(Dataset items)
=====
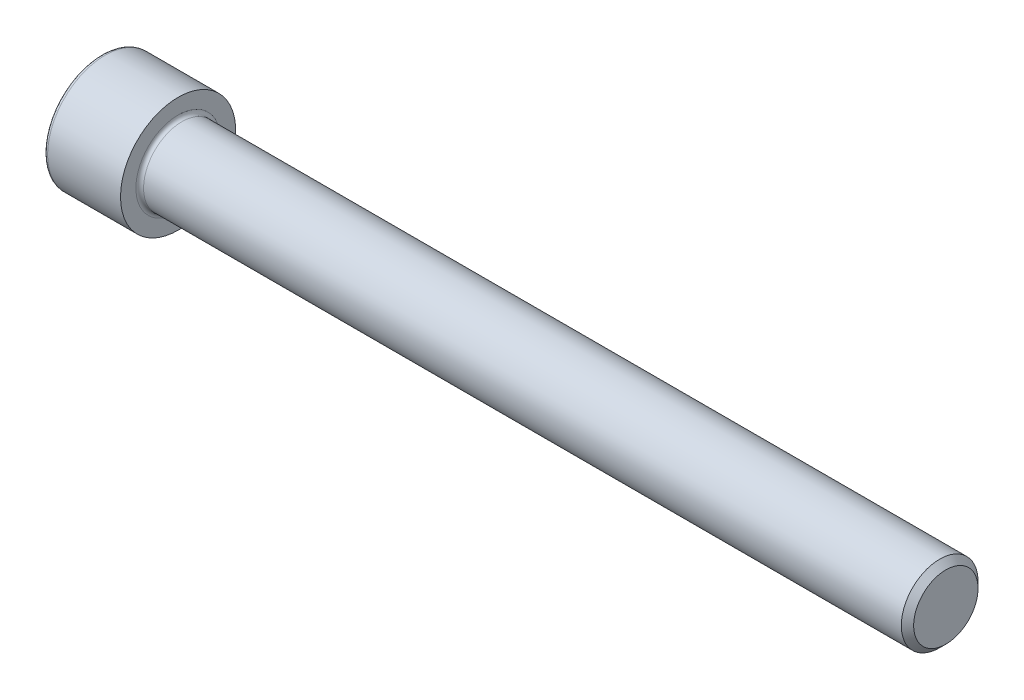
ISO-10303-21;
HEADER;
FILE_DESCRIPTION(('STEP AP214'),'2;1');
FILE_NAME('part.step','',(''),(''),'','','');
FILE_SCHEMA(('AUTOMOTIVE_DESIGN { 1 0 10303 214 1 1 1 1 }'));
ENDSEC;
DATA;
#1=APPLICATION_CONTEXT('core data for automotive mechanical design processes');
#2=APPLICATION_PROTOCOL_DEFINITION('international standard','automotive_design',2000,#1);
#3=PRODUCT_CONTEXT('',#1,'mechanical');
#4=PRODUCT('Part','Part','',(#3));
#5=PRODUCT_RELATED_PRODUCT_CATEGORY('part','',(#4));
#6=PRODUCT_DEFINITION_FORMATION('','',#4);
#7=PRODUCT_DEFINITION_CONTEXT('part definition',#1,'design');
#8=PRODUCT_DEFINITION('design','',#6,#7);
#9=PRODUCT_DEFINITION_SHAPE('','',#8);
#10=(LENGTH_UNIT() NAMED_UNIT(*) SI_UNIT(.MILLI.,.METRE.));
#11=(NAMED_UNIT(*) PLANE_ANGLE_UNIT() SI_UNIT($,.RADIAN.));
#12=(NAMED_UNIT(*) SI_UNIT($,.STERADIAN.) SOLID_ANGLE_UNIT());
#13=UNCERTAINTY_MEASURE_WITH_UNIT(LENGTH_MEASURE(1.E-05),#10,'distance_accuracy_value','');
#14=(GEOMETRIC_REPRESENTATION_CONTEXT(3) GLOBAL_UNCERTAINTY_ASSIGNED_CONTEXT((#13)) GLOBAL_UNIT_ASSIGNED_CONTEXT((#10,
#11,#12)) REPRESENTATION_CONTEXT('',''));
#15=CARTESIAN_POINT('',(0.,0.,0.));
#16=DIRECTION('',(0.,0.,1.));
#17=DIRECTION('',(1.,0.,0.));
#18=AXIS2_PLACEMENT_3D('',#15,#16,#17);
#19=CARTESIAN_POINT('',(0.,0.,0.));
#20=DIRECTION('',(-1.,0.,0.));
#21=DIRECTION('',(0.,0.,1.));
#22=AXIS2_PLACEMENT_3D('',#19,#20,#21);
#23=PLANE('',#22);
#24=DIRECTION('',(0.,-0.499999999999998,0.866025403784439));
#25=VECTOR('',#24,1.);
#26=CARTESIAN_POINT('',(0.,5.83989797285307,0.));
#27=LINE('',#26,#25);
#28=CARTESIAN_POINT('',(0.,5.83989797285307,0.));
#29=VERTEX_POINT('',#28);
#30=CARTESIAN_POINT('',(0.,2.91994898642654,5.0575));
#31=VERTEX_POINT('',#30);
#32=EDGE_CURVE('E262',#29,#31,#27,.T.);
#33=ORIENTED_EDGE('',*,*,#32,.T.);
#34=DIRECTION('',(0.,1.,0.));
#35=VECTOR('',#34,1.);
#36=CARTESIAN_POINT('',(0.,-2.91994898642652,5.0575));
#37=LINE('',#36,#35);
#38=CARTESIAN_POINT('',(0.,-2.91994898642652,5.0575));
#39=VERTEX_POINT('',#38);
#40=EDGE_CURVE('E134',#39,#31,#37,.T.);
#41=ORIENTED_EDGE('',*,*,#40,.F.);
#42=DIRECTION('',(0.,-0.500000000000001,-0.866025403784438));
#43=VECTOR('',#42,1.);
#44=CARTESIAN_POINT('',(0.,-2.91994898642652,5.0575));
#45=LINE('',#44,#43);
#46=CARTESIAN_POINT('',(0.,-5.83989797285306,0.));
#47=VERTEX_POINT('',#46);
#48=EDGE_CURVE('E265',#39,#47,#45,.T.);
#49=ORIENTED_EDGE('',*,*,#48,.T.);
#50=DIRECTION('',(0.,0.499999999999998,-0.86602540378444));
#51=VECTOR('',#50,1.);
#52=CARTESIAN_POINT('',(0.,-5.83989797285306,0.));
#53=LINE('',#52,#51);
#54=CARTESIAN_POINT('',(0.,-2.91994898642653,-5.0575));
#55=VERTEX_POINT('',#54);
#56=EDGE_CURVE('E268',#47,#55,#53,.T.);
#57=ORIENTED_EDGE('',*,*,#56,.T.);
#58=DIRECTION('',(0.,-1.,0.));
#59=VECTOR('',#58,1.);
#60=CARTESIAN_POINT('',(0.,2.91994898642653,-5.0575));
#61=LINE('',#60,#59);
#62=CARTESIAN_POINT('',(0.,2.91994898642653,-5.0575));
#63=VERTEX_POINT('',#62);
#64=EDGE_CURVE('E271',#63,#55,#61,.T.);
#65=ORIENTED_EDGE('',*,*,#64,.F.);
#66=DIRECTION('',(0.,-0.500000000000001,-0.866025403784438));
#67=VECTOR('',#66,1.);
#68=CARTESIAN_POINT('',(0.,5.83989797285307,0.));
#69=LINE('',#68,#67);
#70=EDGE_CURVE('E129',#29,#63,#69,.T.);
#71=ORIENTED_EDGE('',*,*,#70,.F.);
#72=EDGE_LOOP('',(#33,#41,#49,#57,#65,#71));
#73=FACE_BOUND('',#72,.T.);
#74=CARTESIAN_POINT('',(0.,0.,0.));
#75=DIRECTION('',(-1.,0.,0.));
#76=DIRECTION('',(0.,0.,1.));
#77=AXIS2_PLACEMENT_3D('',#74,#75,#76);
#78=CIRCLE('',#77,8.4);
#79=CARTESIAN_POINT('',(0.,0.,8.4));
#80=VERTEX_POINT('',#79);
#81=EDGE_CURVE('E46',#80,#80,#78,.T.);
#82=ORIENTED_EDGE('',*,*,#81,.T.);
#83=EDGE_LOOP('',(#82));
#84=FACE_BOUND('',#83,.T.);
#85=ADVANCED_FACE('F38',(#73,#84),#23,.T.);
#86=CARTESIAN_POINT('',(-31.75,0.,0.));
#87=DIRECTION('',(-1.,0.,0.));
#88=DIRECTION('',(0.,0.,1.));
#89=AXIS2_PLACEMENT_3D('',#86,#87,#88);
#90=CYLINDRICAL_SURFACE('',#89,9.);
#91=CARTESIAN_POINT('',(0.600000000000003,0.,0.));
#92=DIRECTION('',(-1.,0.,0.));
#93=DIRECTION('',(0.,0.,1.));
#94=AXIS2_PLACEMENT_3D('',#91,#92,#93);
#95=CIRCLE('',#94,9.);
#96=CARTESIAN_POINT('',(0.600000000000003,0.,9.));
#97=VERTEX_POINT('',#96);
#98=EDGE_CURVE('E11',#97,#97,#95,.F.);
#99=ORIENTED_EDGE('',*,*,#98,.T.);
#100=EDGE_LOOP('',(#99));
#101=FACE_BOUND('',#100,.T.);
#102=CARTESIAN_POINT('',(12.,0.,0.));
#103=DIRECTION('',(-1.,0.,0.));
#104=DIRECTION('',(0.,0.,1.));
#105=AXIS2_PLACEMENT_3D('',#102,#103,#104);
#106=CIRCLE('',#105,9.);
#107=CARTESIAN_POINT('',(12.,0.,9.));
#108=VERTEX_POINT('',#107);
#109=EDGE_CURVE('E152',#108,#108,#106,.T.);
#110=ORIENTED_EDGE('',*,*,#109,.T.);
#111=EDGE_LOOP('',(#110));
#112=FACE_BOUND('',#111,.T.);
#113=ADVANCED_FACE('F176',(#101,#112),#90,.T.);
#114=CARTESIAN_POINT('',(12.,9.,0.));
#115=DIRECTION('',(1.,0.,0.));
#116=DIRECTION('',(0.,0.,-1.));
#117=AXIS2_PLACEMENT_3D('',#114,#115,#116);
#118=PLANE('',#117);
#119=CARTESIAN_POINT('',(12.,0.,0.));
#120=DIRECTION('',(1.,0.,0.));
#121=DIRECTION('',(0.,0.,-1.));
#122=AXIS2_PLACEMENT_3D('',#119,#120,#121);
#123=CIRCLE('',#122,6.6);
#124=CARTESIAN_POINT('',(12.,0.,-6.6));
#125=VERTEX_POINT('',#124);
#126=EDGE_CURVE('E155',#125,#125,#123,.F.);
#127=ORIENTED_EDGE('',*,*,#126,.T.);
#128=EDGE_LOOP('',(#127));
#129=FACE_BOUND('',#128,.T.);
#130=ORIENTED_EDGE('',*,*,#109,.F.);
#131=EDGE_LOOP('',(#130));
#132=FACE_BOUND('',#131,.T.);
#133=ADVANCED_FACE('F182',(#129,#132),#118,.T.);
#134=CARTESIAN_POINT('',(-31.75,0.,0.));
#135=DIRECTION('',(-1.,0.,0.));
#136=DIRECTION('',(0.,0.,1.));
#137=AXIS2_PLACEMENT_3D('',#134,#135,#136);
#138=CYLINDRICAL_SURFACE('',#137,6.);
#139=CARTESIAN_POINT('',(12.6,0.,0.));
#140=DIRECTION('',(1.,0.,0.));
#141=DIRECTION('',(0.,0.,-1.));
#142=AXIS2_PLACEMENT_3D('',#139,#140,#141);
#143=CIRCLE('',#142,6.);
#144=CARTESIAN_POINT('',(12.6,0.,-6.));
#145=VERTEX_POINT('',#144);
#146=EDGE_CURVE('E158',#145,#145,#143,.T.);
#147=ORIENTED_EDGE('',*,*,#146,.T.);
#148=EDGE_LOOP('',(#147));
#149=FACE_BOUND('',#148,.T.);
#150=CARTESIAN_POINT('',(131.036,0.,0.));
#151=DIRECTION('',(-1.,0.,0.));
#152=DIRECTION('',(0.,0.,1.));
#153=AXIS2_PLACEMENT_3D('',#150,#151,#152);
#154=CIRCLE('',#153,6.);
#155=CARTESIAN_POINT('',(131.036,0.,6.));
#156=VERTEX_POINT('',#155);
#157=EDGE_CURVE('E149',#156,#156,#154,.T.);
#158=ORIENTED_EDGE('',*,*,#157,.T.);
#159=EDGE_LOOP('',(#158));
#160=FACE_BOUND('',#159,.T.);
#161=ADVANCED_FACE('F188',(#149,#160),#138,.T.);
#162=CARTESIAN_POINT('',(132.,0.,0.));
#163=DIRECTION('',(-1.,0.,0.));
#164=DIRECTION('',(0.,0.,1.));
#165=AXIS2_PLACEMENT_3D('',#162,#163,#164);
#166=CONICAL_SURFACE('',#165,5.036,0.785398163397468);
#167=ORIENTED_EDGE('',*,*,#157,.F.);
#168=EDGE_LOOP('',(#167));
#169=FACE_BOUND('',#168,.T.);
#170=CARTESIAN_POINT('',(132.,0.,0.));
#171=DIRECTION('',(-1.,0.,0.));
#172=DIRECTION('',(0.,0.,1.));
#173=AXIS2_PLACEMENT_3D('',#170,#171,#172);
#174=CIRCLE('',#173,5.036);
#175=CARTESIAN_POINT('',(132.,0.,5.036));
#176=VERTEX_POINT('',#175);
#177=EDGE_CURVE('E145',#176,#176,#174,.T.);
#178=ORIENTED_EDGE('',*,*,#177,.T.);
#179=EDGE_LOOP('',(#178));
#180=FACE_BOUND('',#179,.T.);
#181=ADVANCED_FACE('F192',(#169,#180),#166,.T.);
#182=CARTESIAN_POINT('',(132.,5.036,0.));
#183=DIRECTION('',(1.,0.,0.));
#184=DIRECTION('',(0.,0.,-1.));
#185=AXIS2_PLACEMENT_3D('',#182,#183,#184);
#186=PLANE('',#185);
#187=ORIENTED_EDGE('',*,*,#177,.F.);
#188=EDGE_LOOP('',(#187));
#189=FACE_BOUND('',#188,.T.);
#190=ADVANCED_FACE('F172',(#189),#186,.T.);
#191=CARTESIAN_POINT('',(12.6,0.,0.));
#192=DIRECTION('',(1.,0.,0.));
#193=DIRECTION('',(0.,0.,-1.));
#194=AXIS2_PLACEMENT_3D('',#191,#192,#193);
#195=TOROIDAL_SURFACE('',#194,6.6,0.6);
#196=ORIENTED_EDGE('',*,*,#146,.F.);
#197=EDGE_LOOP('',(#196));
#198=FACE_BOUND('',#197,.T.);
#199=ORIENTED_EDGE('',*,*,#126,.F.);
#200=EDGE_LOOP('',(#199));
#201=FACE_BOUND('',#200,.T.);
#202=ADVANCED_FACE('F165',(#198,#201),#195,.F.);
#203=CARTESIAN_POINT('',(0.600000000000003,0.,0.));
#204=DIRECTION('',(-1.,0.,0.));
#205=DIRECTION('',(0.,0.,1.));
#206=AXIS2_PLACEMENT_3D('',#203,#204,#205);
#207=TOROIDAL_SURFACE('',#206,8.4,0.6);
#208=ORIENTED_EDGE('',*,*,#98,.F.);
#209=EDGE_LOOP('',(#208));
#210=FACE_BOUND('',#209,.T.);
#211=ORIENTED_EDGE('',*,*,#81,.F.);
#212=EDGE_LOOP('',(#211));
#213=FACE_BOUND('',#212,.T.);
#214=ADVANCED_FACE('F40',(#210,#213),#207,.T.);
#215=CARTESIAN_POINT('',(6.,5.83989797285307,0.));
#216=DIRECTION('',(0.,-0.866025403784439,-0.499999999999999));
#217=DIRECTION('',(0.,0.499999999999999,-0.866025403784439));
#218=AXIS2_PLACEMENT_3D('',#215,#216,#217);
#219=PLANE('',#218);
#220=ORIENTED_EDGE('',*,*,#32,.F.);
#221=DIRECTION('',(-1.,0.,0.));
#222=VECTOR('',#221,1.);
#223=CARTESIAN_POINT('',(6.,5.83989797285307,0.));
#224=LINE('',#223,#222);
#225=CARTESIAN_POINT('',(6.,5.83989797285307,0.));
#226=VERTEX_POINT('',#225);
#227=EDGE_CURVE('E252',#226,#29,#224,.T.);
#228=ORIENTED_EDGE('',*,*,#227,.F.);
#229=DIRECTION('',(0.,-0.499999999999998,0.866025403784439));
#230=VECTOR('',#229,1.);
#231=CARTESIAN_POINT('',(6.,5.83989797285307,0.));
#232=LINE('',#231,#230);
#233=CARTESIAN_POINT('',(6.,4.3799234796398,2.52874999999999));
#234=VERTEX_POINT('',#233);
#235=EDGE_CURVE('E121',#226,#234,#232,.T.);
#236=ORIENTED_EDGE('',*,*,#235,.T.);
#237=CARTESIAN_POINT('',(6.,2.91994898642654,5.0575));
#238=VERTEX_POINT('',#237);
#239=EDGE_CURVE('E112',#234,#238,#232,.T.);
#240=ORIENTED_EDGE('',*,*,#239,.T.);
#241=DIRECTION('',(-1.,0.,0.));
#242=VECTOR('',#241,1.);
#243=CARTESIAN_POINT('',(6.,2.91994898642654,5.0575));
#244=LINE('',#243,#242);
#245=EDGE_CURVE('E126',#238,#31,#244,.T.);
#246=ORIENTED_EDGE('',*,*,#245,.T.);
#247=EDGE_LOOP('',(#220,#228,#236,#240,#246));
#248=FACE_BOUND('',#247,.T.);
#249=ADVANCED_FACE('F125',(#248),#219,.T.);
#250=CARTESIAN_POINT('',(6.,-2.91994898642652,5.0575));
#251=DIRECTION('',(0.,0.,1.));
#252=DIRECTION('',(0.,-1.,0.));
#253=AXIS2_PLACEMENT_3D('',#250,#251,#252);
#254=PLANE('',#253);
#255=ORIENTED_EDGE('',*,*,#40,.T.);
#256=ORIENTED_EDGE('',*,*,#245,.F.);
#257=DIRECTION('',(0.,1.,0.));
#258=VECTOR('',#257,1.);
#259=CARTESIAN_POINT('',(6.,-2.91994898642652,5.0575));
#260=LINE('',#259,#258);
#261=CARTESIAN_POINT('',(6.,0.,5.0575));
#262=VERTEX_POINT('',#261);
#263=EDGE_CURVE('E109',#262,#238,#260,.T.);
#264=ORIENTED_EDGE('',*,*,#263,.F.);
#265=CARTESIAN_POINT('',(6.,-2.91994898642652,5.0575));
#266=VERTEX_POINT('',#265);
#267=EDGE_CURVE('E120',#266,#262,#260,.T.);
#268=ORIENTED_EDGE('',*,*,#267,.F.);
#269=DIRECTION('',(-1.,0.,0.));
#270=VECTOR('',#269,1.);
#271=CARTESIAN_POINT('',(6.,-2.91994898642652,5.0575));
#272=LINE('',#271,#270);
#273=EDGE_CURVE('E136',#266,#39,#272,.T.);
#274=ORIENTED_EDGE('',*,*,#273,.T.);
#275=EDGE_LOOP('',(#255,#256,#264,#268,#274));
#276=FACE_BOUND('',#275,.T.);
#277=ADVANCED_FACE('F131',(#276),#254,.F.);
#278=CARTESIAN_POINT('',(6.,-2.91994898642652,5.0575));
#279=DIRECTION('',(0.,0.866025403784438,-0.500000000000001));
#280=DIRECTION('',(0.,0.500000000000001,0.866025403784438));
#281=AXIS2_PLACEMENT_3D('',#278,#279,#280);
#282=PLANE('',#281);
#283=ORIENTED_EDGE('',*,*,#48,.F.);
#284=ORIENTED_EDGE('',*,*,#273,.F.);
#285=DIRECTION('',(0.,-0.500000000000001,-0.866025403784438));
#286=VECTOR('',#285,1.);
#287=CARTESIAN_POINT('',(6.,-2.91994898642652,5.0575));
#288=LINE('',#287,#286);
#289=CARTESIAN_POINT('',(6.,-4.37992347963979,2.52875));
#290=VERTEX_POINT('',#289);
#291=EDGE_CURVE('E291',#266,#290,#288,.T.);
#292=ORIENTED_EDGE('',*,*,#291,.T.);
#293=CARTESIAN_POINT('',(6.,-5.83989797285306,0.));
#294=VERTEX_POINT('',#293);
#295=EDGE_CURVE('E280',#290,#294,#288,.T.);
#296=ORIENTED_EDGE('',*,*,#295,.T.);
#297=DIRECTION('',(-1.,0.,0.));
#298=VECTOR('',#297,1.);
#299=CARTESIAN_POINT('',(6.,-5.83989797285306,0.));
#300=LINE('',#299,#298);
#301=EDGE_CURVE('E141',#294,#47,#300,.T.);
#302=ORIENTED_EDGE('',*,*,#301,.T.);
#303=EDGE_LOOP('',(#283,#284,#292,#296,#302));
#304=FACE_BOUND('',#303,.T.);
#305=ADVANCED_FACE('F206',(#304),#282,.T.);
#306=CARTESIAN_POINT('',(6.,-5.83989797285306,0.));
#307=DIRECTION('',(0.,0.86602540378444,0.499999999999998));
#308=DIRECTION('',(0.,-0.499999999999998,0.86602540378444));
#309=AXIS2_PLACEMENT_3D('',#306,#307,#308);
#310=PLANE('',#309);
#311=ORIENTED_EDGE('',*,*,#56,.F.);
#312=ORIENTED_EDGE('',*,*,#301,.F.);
=====
- **What this task involves**
Retype exactly, and only, the lines above from the one where "#153=AXIS2_PLACEMENT_3D('',#150,#151,#152);" occurs up to and including the one where "#214=ADVANCED_FACE('F40',(#210,#213),#207,.T.);" occurs.

- **Task solution**
#153=AXIS2_PLACEMENT_3D('',#150,#151,#152);
#154=CIRCLE('',#153,6.);
#155=CARTESIAN_POINT('',(131.036,0.,6.));
#156=VERTEX_POINT('',#155);
#157=EDGE_CURVE('E149',#156,#156,#154,.T.);
#158=ORIENTED_EDGE('',*,*,#157,.T.);
#159=EDGE_LOOP('',(#158));
#160=FACE_BOUND('',#159,.T.);
#161=ADVANCED_FACE('F188',(#149,#160),#138,.T.);
#162=CARTESIAN_POINT('',(132.,0.,0.));
#163=DIRECTION('',(-1.,0.,0.));
#164=DIRECTION('',(0.,0.,1.));
#165=AXIS2_PLACEMENT_3D('',#162,#163,#164);
#166=CONICAL_SURFACE('',#165,5.036,0.785398163397468);
#167=ORIENTED_EDGE('',*,*,#157,.F.);
#168=EDGE_LOOP('',(#167));
#169=FACE_BOUND('',#168,.T.);
#170=CARTESIAN_POINT('',(132.,0.,0.));
#171=DIRECTION('',(-1.,0.,0.));
#172=DIRECTION('',(0.,0.,1.));
#173=AXIS2_PLACEMENT_3D('',#170,#171,#172);
#174=CIRCLE('',#173,5.036);
#175=CARTESIAN_POINT('',(132.,0.,5.036));
#176=VERTEX_POINT('',#175);
#177=EDGE_CURVE('E145',#176,#176,#174,.T.);
#178=ORIENTED_EDGE('',*,*,#177,.T.);
#179=EDGE_LOOP('',(#178));
#180=FACE_BOUND('',#179,.T.);
#181=ADVANCED_FACE('F192',(#169,#180),#166,.T.);
#182=CARTESIAN_POINT('',(132.,5.036,0.));
#183=DIRECTION('',(1.,0.,0.));
#184=DIRECTION('',(0.,0.,-1.));
#185=AXIS2_PLACEMENT_3D('',#182,#183,#184);
#186=PLANE('',#185);
#187=ORIENTED_EDGE('',*,*,#177,.F.);
#188=EDGE_LOOP('',(#187));
#189=FACE_BOUND('',#188,.T.);
#190=ADVANCED_FACE('F172',(#189),#186,.T.);
#191=CARTESIAN_POINT('',(12.6,0.,0.));
#192=DIRECTION('',(1.,0.,0.));
#193=DIRECTION('',(0.,0.,-1.));
#194=AXIS2_PLACEMENT_3D('',#191,#192,#193);
#195=TOROIDAL_SURFACE('',#194,6.6,0.6);
#196=ORIENTED_EDGE('',*,*,#146,.F.);
#197=EDGE_LOOP('',(#196));
#198=FACE_BOUND('',#197,.T.);
#199=ORIENTED_EDGE('',*,*,#126,.F.);
#200=EDGE_LOOP('',(#199));
#201=FACE_BOUND('',#200,.T.);
#202=ADVANCED_FACE('F165',(#198,#201),#195,.F.);
#203=CARTESIAN_POINT('',(0.600000000000003,0.,0.));
#204=DIRECTION('',(-1.,0.,0.));
#205=DIRECTION('',(0.,0.,1.));
#206=AXIS2_PLACEMENT_3D('',#203,#204,#205);
#207=TOROIDAL_SURFACE('',#206,8.4,0.6);
#208=ORIENTED_EDGE('',*,*,#98,.F.);
#209=EDGE_LOOP('',(#208));
#210=FACE_BOUND('',#209,.T.);
#211=ORIENTED_EDGE('',*,*,#81,.F.);
#212=EDGE_LOOP('',(#211));
#213=FACE_BOUND('',#212,.T.);
#214=ADVANCED_FACE('F40',(#210,#213),#207,.T.);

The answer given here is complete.